In order to send e-mails, the system first creates a list of who to send to (in a text file, I believe). It then spawns a process through the HTTP protocal to send as many e-mails as it can in the PHP timeout period (you would set this to as long as possible). Before that script times out, it spawns another process to carry on where it left off, and so on until all the e-mails have been sent, whereupon a lock file created right at the start is released.

This is genious in that the developers have worked out a way to run a background script that can keep going even when the browser window is closed. It is frightening for much the same reason. I just don’t feel comfortable letting something like that loose on my server. It could be running all night in some kind of endless loop, and I would never know until I get irate e-mails from subscribers saying that I have filled up their inboxes.

Another minor flaw in the e-mail sending is that no record is kept of who each newsletter has been sent to. Doing that would make it very easy to sort out who has received a copy and who needs a catch-up copy sent. Following from that, without records of e-mails sent, there is no place to hang any flags to say whether that e-mail has been opened and read, so e-mail tracking is out. Clients need to know these things: how well read are those newsletters? Everyone has a master up the chain to report to, and someone up that line, often holding the purse-strings, likes simple measures of performance.
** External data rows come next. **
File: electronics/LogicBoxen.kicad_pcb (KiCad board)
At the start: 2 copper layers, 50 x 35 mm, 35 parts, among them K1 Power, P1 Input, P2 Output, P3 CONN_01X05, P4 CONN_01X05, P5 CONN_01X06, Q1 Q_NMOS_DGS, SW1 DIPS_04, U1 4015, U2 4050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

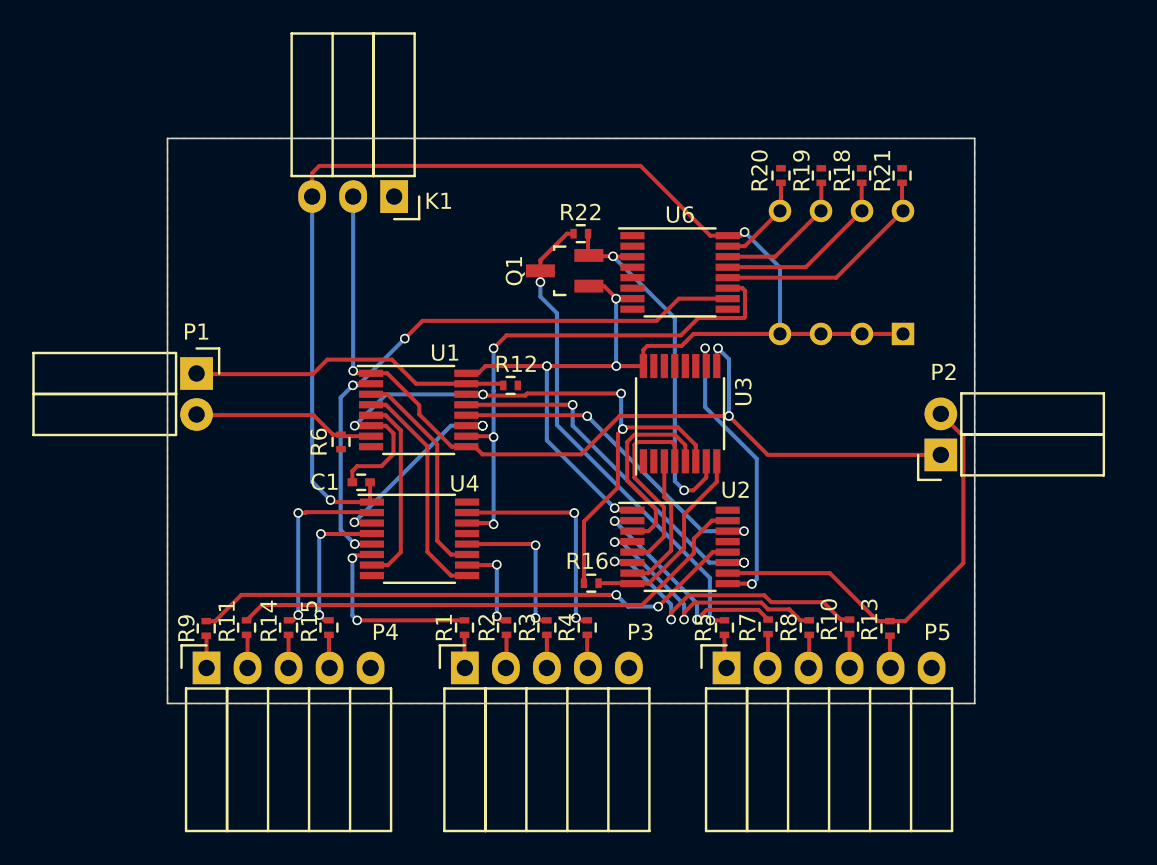
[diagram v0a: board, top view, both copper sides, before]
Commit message: Minor changes to board.
* Change refs of components to all match Px
* Add solder jumpers to avoid populating the DIP switch.
* General board track optimization.
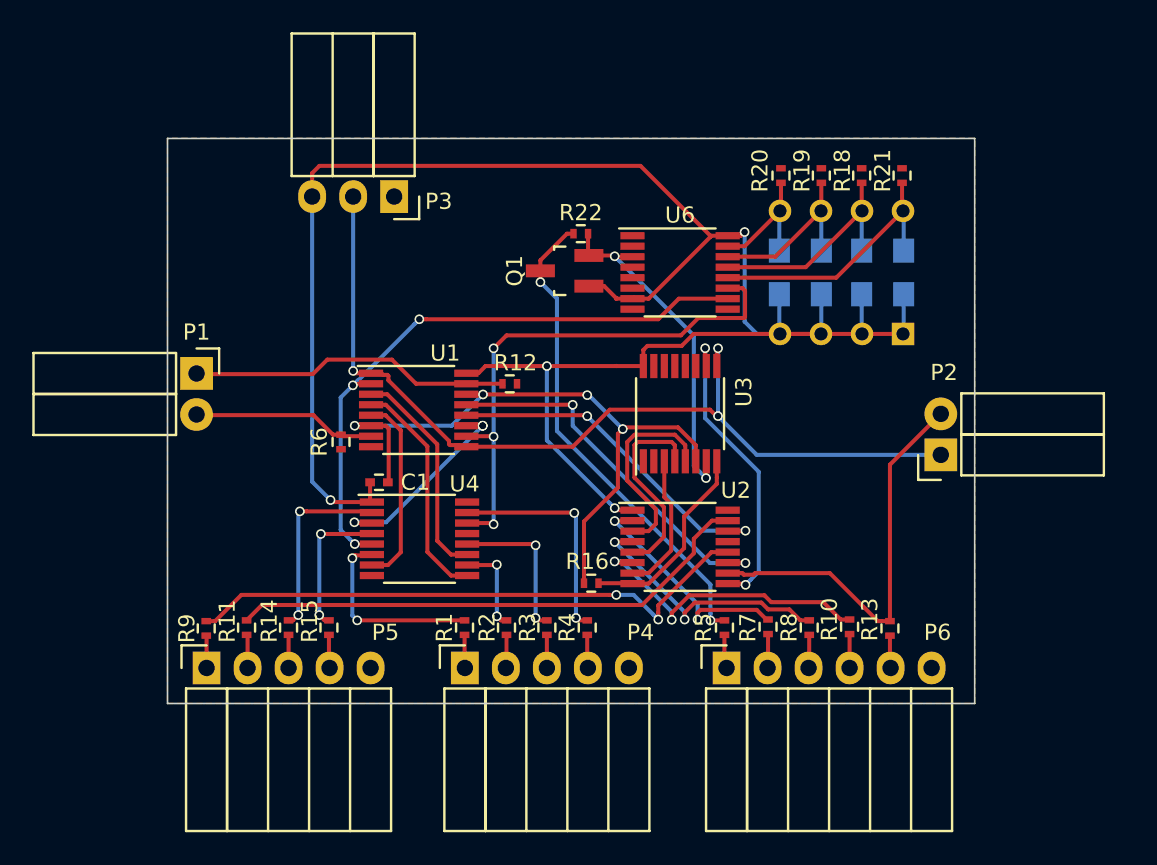
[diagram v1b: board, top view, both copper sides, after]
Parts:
- added JP1: JUMPER, Resistors_SMD:R_0805_HandSoldering, B.Cu at (61.9, 37.0)
- added JP2: JUMPER, Resistors_SMD:R_0805_HandSoldering, B.Cu at (64.5, 37.0)
- added JP3: JUMPER, Resistors_SMD:R_0805_HandSoldering, B.Cu at (67.0, 37.0)
- added JP4: JUMPER, Resistors_SMD:R_0805_HandSoldering, B.Cu at (69.6, 37.0)
- moved C1 1.10 mm to (37.1, 50.0), turned to 0 degrees
- moved R12 0.11 mm to (45.2, 43.9)
- renumbered K1 to P3, P3 to P4, P4 to P5, P5 to P6
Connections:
- net VCC renamed Vdd
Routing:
- net Vdd: track 111.2 -> 124.3 mm, vias 6 -> 4
- net /reset: track 46.0 -> 42.6 mm
- net /X2: track 5.91 -> 8.39 mm
- net /X1: track 8.70 -> 11.2 mm
- net /X3: track 14.3 -> 16.8 mm
- net /X0: track 11.5 -> 13.9 mm
- net /out: track 23.2 -> 21.3 mm
- net Net-(P2-Pad2): track 27.1 -> 25.5 mm
- net Net-(R9-Pad1): track 34.7 -> 35.8 mm
- net Net-(U1-Pad13): track 23.0 -> 23.3 mm, vias 3 -> 2

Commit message: Align input and output connectors
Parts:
- moved P2 2.74 mm to (73.1, 45.8)
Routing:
- net Net-(P2-Pad2): track 25.5 -> 28.5 mm
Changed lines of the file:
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@@
     (links 106)
     (no_connects 0)
-    (area 23.949999 28.649999 74.050001 63.750001)
+    (area 14.974999 18.25 91.1 72.325001)
     (thickness 1.6)
     (drawings 6)
@@
       (outputformat 1)
       (mirror false)
-      (drillshape 1)
+      (drillshape 0)
       (scaleselection 1)
       (outputdirectory ""))
@@
   )
   (module Socket_Strips:Socket_Strip_Angled_1x02 (layer F.Cu)
-    (at 71.9 48.3 90)
+    (at 73.1 45.84 90)
     (descr "Through hole socket strip")
     (tags "socket strip")
@@
   (segment (start 50.05 35.89886) (end 50.10114 35.95) (width 0.25) (layer F.Cu) (net 4) (status 30))
   (segment (start 50.17614 36.025) (end 50.10114 35.95) (width 0.25) (layer F.Cu) (net 4) (status 30))
-  (segment (start 71.9 48.3) (end 60.5 48.3) (width 0.25) (layer B.Cu) (net 5))
-  (segment (start 60.5 48.3) (end 58.1 45.9) (width 0.25) (layer B.Cu) (net 5))
+  (segment (start 73.1 45.84) (end 58.16 45.84) (width 0.25) (layer B.Cu) (net 5))
+  (segment (start 58.16 45.84) (end 58.1 45.9) (width 0.25) (layer B.Cu) (net 5))
   (segment (start 57.997318 45.897318) (end 57.6 45.5) (width 0.25) (layer F.Cu) (net 5))
   (segment (start 57.6 45.5) (end 51.4 45.5) (width 0.25) (layer F.Cu) (net 5))
@@
   (segment (start 57.375 41.767878) (end 57.303224 41.696102) (width 0.25) (layer F.Cu) (net 17))
   (via (at 57.303224 41.696102) (size 0.6) (drill 0.4) (layers F.Cu B.Cu) (net 17))
+  (segment (start 68.75 58.6) (end 68.75 47.65) (width 0.25) (layer F.Cu) (net 18))
+  (segment (start 68.75 47.65) (end 73.1 43.3) (width 0.25) (layer F.Cu) (net 18))
   (segment (start 68 58.6) (end 68.2 58.6) (width 0.25) (layer F.Cu) (net 18))
   (segment (start 60.300001 55.725001) (end 60.400002 55.625) (width 0.25) (layer F.Cu) (net 18))
@@
   (segment (start 59.599998 55.625) (end 59.699999 55.725001) (width 0.25) (layer F.Cu) (net 18))
   (segment (start 60.400002 55.625) (end 65.025 55.625) (width 0.25) (layer F.Cu) (net 18))
-  (segment (start 71.9 45.76) (end 68.75 48.91) (width 0.25) (layer F.Cu) (net 18))
-  (segment (start 68.75 48.91) (end 68.75 58.6) (width 0.25) (layer F.Cu) (net 18))
   (segment (start 42.4 58.55) (end 35.75 58.55) (width 0.25) (layer F.Cu) (net 19))
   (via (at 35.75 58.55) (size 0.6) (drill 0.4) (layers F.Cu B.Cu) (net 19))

My ideal newsletter system would contain the database and functional features of PHPlist, with the administration front-end of poMMo.

Other Systems

I’ll add a few more when I get the time. I’m mainly looking at Open Source newsletter systems, aimed at sending to self-subscribed users (i.e. not bulk spam systems). Integration with an existing site or CMS is high on the priority list, along with ease of use for non-technical users. Other systems we will be evaluating are:

  • ListMessenger – Free light version, but dirt cheap Pro version with all the features you would want. This one seems to include captchas for registration.
  • Dada Mail – Old, well known, Perl-based, and it looks like a pain to install.
  • Sympa – Again, Perl. This one seems to have been designed by engineers. That is to say the system looks very robust and complete, but there is little gloss to the system. Like Data Mail, you need root access to install it, so you have to be careful about dependances with other modules on your server.